Content-Encoding in soup – all your gzip are belong to us

By kov

January 17, 2010

One thing everyone forgot to talk about the WebKitGTK+ hackfest was that master Dan Winship added basic Content-Encoding support to libsoup, and patched WebKitGTK+ to use it. If you are using a recent enough version of those you will finally be able to visit web sites that send gzipped content despite the browser saying it could not handle it, like the Internet Archive.

This was one of those cases in which the web shows all of its potential to behave weirdly. The HTTP/1.1 RFC says that if an Accept-Encoding header is not present, the server MAY assume the client accepts any encoding, so we were having many sites send us gzip content even though we did not support it. We then started sending a header saying “we support identity, and nothing else!”.

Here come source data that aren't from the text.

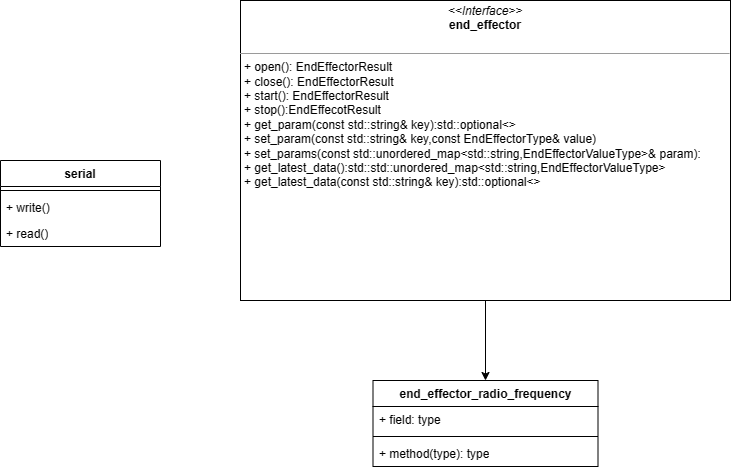

The diagram above was exported from draw.io. Its source (the exported page's mxGraphModel, read from the mxfile embedded in the PNG):
<mxGraphModel dx="1303" dy="545" grid="1" gridSize="10" guides="1" tooltips="1" connect="1" arrows="1" fold="1" page="0" pageScale="1" pageWidth="827" pageHeight="1169" math="0" shadow="0">
  <root>
    <mxCell id="0" />
    <mxCell id="1" parent="0" />
    <mxCell id="Q6MWHAZhxkji4FKDAwDx-2" value="serial" style="swimlane;fontStyle=1;align=center;verticalAlign=top;childLayout=stackLayout;horizontal=1;startSize=26;horizontalStack=0;resizeParent=1;resizeParentMax=0;resizeLast=0;collapsible=1;marginBottom=0;whiteSpace=wrap;html=1;" vertex="1" parent="1">
      <mxGeometry x="-50" y="180" width="160" height="86" as="geometry" />
    </mxCell>
    <mxCell id="Q6MWHAZhxkji4FKDAwDx-4" value="" style="line;strokeWidth=1;fillColor=none;align=left;verticalAlign=middle;spacingTop=-1;spacingLeft=3;spacingRight=3;rotatable=0;labelPosition=right;points=[];portConstraint=eastwest;strokeColor=inherit;" vertex="1" parent="Q6MWHAZhxkji4FKDAwDx-2">
      <mxGeometry y="26" width="160" height="8" as="geometry" />
    </mxCell>
    <mxCell id="Q6MWHAZhxkji4FKDAwDx-5" value="+ write()" style="text;strokeColor=none;fillColor=none;align=left;verticalAlign=top;spacingLeft=4;spacingRight=4;overflow=hidden;rotatable=0;points=[[0,0.5],[1,0.5]];portConstraint=eastwest;whiteSpace=wrap;html=1;" vertex="1" parent="Q6MWHAZhxkji4FKDAwDx-2">
      <mxGeometry y="34" width="160" height="26" as="geometry" />
    </mxCell>
    <mxCell id="Q6MWHAZhxkji4FKDAwDx-6" value="+ read()" style="text;strokeColor=none;fillColor=none;align=left;verticalAlign=top;spacingLeft=4;spacingRight=4;overflow=hidden;rotatable=0;points=[[0,0.5],[1,0.5]];portConstraint=eastwest;whiteSpace=wrap;html=1;" vertex="1" parent="Q6MWHAZhxkji4FKDAwDx-2">
      <mxGeometry y="60" width="160" height="26" as="geometry" />
    </mxCell>
    <mxCell id="Q6MWHAZhxkji4FKDAwDx-11" value="end_effector_radio_frequency" style="swimlane;fontStyle=1;align=center;verticalAlign=top;childLayout=stackLayout;horizontal=1;startSize=26;horizontalStack=0;resizeParent=1;resizeParentMax=0;resizeLast=0;collapsible=1;marginBottom=0;whiteSpace=wrap;html=1;" vertex="1" parent="1">
      <mxGeometry x="322.5" y="400" width="225" height="86" as="geometry" />
    </mxCell>
    <mxCell id="Q6MWHAZhxkji4FKDAwDx-12" value="+ field: type" style="text;strokeColor=none;fillColor=none;align=left;verticalAlign=top;spacingLeft=4;spacingRight=4;overflow=hidden;rotatable=0;points=[[0,0.5],[1,0.5]];portConstraint=eastwest;whiteSpace=wrap;html=1;" vertex="1" parent="Q6MWHAZhxkji4FKDAwDx-11">
      <mxGeometry y="26" width="225" height="26" as="geometry" />
    </mxCell>
    <mxCell id="Q6MWHAZhxkji4FKDAwDx-13" value="" style="line;strokeWidth=1;fillColor=none;align=left;verticalAlign=middle;spacingTop=-1;spacingLeft=3;spacingRight=3;rotatable=0;labelPosition=right;points=[];portConstraint=eastwest;strokeColor=inherit;" vertex="1" parent="Q6MWHAZhxkji4FKDAwDx-11">
      <mxGeometry y="52" width="225" height="8" as="geometry" />
    </mxCell>
    <mxCell id="Q6MWHAZhxkji4FKDAwDx-14" value="+ method(type): type" style="text;strokeColor=none;fillColor=none;align=left;verticalAlign=top;spacingLeft=4;spacingRight=4;overflow=hidden;rotatable=0;points=[[0,0.5],[1,0.5]];portConstraint=eastwest;whiteSpace=wrap;html=1;" vertex="1" parent="Q6MWHAZhxkji4FKDAwDx-11">
      <mxGeometry y="60" width="225" height="26" as="geometry" />
    </mxCell>
    <mxCell id="Q6MWHAZhxkji4FKDAwDx-22" style="edgeStyle=orthogonalEdgeStyle;rounded=0;orthogonalLoop=1;jettySize=auto;html=1;exitX=0.5;exitY=1;exitDx=0;exitDy=0;entryX=0.5;entryY=0;entryDx=0;entryDy=0;" edge="1" parent="1" source="Q6MWHAZhxkji4FKDAwDx-20" target="Q6MWHAZhxkji4FKDAwDx-11">
      <mxGeometry relative="1" as="geometry" />
    </mxCell>
    <mxCell id="Q6MWHAZhxkji4FKDAwDx-20" value="&lt;p style=&quot;margin:0px;margin-top:4px;text-align:center;&quot;&gt;&lt;i&gt;&amp;lt;&amp;lt;Interface&amp;gt;&amp;gt;&lt;/i&gt;&lt;br&gt;&lt;b&gt;end_effector&lt;/b&gt;&lt;/p&gt;&lt;p style=&quot;margin:0px;margin-left:4px;&quot;&gt;&lt;br&gt;&lt;/p&gt;&lt;hr size=&quot;1&quot;&gt;&lt;p style=&quot;margin:0px;margin-left:4px;&quot;&gt;+ open(): EndEffectorResult&lt;br&gt;+ close(): EndEffectorResult&lt;/p&gt;&lt;p style=&quot;margin:0px;margin-left:4px;&quot;&gt;+ start(): EndEffectorResult&lt;/p&gt;&lt;p style=&quot;margin:0px;margin-left:4px;&quot;&gt;+ stop():EndEffecotResult&lt;/p&gt;&lt;p style=&quot;margin:0px;margin-left:4px;&quot;&gt;+ get_param(const std::string&amp;amp; key):std::optional&amp;lt;&amp;gt;&lt;/p&gt;&lt;p style=&quot;margin:0px;margin-left:4px;&quot;&gt;+ set_param(const std::string&amp;amp; key,const EndEffectorType&amp;amp; value)&lt;/p&gt;&lt;p style=&quot;margin:0px;margin-left:4px;&quot;&gt;+ set_params(const std::unordered_map&amp;lt;std::string,EndEffectorValueType&amp;gt;&amp;amp; param):&lt;/p&gt;&lt;p style=&quot;margin:0px;margin-left:4px;&quot;&gt;+ get_latest_data():std::std::unordered_map&amp;lt;std::string,EndEffectorValueType&amp;gt;&lt;/p&gt;&lt;p style=&quot;margin:0px;margin-left:4px;&quot;&gt;+ get_latest_data(const std::string&amp;amp; key):std::optional&amp;lt;&amp;gt;&lt;/p&gt;" style="verticalAlign=top;align=left;overflow=fill;fontSize=12;fontFamily=Helvetica;html=1;whiteSpace=wrap;" vertex="1" parent="1">
      <mxGeometry x="190" y="20" width="490" height="300" as="geometry" />
    </mxCell>
  </root>
</mxGraphModel>

It turns out the web sucks, so many servers were not happy with a full header, and started giving us angry looks (slashdot, for instance, would not render correctly because it started sending encoded CSS files!). We then simplified the header we were sending, which made those servers happy again. Some sites, though, completely ignored our saying we didn’t support anything except identity, and sent us gzipped content anyway. Most of these were misbehaving caches (this was the case for Wikipedia), so would work after you asked for a forced reload, which would ignore the cache, but some servers, such as the Internet Archive’s didn’t really want to talk about encodings – they only wanted to send gzip-encoded content.

So, in the end, our only way out was implementing the damn encoding support, which finally happened during the hackfest. Take that, web!